Existe um grande mito nos dias atuais de que aqueles que trabalham de alguma forma com a espiritualidade não podem colocar em seus discursos suas posturas políticas. Dentro deste mito a espiritualidade e a política não devem se misturar. E colocar em pauta lutas sociais conjuntamente ao exercício da espiritualidade seria, ou desvirtua-la, ou até mesmo cooperar para “trazer baixas energias” a sua prática. Algumas pessoas preferem de fato se manterem neutras, e conduzirem seu trabalho em suas plataformas sociais como se nunca nada acontecesse, para não prejudicar seu próprio engajamento ou perder público. Outras, usando suas vozes, optam por se posicionarem diante do mundo, independente daqueles que irão lhe seguir ou não.

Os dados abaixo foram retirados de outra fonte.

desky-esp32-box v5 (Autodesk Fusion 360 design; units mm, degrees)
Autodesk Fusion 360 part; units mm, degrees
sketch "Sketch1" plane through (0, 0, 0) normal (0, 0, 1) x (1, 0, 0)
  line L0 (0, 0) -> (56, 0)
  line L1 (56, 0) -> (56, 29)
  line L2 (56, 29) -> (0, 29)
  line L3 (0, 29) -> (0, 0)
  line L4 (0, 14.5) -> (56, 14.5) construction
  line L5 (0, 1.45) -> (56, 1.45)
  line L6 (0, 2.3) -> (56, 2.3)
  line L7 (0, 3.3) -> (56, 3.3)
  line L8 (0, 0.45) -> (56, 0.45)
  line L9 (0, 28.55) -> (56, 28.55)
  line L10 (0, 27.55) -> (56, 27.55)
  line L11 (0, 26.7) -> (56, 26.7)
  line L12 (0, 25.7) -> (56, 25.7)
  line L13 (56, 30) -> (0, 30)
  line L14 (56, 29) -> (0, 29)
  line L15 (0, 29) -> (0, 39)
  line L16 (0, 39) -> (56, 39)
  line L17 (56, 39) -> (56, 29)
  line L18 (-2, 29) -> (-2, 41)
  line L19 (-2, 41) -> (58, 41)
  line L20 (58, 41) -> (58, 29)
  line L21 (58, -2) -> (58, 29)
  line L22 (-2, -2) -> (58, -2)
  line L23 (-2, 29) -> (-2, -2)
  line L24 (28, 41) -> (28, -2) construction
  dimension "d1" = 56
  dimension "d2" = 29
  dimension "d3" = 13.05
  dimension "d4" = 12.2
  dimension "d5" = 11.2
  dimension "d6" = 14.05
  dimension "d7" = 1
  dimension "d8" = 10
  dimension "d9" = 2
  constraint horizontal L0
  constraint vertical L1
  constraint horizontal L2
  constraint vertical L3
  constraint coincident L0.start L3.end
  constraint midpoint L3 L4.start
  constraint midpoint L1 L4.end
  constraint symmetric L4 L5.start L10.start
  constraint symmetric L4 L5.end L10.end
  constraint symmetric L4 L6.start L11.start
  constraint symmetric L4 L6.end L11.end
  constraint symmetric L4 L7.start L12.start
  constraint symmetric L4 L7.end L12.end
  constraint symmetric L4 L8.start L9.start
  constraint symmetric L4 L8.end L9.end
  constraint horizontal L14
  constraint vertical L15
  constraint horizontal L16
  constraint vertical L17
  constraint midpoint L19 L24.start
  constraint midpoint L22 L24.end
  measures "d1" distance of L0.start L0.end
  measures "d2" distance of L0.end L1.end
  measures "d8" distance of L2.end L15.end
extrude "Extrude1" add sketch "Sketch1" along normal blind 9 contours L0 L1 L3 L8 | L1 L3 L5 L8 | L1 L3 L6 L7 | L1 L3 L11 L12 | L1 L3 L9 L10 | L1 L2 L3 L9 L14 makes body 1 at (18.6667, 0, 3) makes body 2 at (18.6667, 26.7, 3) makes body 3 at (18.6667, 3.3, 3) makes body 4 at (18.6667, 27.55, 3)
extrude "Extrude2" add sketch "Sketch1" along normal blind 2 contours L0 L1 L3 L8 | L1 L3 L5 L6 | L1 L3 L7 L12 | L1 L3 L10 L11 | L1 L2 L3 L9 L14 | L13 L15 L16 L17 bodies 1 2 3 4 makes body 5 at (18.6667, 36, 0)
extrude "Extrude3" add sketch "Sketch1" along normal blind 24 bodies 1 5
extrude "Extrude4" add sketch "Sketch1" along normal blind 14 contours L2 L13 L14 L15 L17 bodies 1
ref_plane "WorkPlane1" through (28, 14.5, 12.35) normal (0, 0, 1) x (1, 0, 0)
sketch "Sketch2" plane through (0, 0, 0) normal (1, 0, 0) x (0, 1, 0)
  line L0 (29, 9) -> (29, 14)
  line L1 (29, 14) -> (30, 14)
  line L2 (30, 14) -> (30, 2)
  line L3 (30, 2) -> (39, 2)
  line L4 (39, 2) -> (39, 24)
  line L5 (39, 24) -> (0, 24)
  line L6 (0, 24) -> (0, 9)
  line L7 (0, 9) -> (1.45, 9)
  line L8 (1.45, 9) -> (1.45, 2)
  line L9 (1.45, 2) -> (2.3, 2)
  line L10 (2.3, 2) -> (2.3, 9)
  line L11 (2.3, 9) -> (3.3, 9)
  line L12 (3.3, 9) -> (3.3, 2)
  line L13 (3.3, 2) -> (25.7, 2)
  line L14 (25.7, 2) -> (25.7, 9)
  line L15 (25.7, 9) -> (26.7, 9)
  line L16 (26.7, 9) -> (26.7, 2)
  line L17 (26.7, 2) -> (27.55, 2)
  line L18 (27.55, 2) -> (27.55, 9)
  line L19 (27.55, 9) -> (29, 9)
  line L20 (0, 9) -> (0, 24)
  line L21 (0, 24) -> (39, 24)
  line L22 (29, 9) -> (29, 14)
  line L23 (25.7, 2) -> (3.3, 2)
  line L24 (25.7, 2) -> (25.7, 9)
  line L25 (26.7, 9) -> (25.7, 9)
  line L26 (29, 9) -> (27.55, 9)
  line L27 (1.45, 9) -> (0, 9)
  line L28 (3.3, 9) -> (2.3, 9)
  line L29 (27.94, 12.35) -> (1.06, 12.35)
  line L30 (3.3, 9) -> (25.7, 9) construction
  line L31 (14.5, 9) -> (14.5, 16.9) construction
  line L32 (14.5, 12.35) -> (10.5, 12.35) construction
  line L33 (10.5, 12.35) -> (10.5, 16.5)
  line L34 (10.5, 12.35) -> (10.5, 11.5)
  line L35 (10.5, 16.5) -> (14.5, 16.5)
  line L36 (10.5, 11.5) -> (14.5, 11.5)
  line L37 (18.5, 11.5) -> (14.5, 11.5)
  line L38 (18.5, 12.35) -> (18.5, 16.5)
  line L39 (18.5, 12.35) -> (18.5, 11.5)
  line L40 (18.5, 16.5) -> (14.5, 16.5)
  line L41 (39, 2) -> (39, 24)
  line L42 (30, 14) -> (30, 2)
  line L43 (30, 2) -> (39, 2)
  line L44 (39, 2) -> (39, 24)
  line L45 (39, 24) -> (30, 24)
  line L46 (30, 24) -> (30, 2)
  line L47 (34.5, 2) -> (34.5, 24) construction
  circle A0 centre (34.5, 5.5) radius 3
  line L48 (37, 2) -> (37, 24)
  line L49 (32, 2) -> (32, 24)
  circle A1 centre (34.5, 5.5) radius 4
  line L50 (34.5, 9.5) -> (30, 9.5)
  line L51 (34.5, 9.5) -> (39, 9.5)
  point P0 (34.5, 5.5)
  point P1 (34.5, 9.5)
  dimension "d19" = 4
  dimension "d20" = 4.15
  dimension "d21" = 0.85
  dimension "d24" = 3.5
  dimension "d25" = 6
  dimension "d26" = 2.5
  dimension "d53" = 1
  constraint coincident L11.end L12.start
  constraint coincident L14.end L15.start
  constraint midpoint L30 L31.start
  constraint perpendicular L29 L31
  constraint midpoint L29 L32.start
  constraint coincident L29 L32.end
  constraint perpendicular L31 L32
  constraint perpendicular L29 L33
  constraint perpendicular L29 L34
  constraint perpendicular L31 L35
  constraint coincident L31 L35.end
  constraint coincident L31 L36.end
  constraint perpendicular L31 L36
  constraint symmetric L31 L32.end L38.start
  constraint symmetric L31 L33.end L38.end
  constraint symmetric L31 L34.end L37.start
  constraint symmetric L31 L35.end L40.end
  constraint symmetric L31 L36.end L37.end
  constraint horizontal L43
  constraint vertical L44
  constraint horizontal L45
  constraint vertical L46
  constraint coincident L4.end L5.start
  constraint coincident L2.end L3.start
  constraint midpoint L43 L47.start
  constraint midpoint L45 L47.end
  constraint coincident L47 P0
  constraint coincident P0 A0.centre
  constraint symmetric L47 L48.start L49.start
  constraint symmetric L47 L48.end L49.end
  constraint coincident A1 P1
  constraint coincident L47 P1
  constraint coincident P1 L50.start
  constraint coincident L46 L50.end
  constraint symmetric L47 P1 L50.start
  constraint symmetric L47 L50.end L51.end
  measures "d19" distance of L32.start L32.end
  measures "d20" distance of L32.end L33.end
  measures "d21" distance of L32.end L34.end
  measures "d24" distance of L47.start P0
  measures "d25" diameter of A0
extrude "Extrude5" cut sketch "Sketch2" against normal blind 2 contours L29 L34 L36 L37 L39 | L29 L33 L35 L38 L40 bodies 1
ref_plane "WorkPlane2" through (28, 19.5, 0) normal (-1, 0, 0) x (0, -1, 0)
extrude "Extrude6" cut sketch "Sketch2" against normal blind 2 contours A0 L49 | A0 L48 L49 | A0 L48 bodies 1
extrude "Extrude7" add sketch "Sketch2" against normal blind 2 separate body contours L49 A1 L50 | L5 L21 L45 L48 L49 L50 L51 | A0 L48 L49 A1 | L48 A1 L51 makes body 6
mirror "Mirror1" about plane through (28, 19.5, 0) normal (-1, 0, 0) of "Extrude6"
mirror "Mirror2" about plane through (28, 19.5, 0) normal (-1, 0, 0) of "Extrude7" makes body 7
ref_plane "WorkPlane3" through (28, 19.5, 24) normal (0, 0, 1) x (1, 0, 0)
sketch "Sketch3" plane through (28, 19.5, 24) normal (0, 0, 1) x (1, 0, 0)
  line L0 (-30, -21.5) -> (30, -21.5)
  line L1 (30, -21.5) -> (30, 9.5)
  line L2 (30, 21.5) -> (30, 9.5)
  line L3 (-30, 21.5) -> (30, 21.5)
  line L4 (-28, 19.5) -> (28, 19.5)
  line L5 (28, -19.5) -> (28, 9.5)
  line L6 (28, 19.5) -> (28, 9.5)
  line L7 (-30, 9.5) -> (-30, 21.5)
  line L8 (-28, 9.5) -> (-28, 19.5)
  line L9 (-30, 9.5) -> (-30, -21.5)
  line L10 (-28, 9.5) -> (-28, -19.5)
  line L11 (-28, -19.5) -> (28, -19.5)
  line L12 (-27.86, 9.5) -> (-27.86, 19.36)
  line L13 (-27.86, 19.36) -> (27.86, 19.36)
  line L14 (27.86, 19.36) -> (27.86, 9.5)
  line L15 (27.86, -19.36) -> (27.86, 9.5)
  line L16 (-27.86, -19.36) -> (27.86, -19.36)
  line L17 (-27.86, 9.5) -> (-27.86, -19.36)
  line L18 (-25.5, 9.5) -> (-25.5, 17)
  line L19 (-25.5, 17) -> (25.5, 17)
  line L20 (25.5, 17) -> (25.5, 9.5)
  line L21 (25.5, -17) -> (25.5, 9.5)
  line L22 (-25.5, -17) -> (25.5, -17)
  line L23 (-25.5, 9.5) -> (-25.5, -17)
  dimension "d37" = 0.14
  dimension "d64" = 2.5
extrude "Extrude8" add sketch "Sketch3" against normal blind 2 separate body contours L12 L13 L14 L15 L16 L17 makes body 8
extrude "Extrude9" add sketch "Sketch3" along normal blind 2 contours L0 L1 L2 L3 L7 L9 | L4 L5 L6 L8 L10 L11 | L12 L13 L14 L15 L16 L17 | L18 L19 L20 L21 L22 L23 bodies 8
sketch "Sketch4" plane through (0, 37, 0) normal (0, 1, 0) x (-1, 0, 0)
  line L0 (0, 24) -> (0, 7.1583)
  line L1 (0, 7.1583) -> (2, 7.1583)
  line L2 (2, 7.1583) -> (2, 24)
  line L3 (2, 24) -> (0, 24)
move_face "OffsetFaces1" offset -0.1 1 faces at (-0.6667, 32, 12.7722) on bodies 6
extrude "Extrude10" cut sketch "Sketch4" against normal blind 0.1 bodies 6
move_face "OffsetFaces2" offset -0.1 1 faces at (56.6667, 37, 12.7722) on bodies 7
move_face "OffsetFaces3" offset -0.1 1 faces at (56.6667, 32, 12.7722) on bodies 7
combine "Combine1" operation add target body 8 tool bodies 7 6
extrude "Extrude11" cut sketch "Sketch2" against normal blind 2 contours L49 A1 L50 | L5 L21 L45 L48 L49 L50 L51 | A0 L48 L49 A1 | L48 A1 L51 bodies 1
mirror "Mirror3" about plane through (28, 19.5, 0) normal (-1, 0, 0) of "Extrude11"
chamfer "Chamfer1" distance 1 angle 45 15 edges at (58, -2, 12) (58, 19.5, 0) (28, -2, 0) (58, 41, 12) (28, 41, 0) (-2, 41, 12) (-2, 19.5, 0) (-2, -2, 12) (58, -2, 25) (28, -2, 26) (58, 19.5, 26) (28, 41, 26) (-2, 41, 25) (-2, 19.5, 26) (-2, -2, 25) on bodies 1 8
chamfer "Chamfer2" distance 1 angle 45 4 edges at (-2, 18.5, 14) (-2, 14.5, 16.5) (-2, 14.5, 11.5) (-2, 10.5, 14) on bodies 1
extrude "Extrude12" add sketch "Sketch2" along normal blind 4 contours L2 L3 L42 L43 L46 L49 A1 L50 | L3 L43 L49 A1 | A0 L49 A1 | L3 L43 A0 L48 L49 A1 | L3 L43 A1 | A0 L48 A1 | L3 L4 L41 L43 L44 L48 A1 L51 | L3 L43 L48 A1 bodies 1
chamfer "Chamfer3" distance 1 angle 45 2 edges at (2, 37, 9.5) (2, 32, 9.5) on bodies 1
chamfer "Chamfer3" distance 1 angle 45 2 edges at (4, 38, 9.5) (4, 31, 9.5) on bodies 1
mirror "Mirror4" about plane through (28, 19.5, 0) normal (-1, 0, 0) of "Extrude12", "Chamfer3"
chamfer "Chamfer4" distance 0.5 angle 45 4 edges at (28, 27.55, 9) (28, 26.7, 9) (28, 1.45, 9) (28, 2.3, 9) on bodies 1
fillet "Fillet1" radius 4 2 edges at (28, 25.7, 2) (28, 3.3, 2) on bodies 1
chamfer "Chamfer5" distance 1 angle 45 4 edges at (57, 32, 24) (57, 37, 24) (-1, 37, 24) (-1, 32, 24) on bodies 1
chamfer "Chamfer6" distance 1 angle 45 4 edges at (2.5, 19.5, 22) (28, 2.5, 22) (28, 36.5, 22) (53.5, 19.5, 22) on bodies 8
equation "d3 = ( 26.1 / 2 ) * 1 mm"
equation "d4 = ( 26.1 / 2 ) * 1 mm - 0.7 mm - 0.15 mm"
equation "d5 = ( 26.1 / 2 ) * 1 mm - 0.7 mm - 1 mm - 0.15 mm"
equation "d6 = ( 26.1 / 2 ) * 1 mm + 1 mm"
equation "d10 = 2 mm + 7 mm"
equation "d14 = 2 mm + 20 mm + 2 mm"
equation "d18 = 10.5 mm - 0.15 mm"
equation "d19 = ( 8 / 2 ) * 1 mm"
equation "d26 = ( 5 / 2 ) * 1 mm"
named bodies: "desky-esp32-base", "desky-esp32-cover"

Eu estou aqui como parte do segundo grupo.

Acredito firmemente que se me disponho a desenvolver minha espiritualidade ela não deva ser algo que me capture e me distancie do mundo ao meu redor. Somos seres políticos, vivemos em uma sociedade política, e dar as costas a isso não nos ajuda a sermos mais espiritualizados, apenas contribui a nossa alienação ao nosso meio. Se me coloco no mundo como cartomante e oraculista, disposta a exercer uma escuta ativa do outro e o ajudar em seus dilemas, quem seria eu se ignorasse que as pessoas que me procuram tem contexto e classe social? Quem seria eu se me recusasse a ouvir, de fato, as narrativas dessas pessoas inseridas nas condições sociais em que elas se enquadram? Que curadora seria eu se focasse só nas ditas boas energias quando eu sei que tem muito mais acontecendo?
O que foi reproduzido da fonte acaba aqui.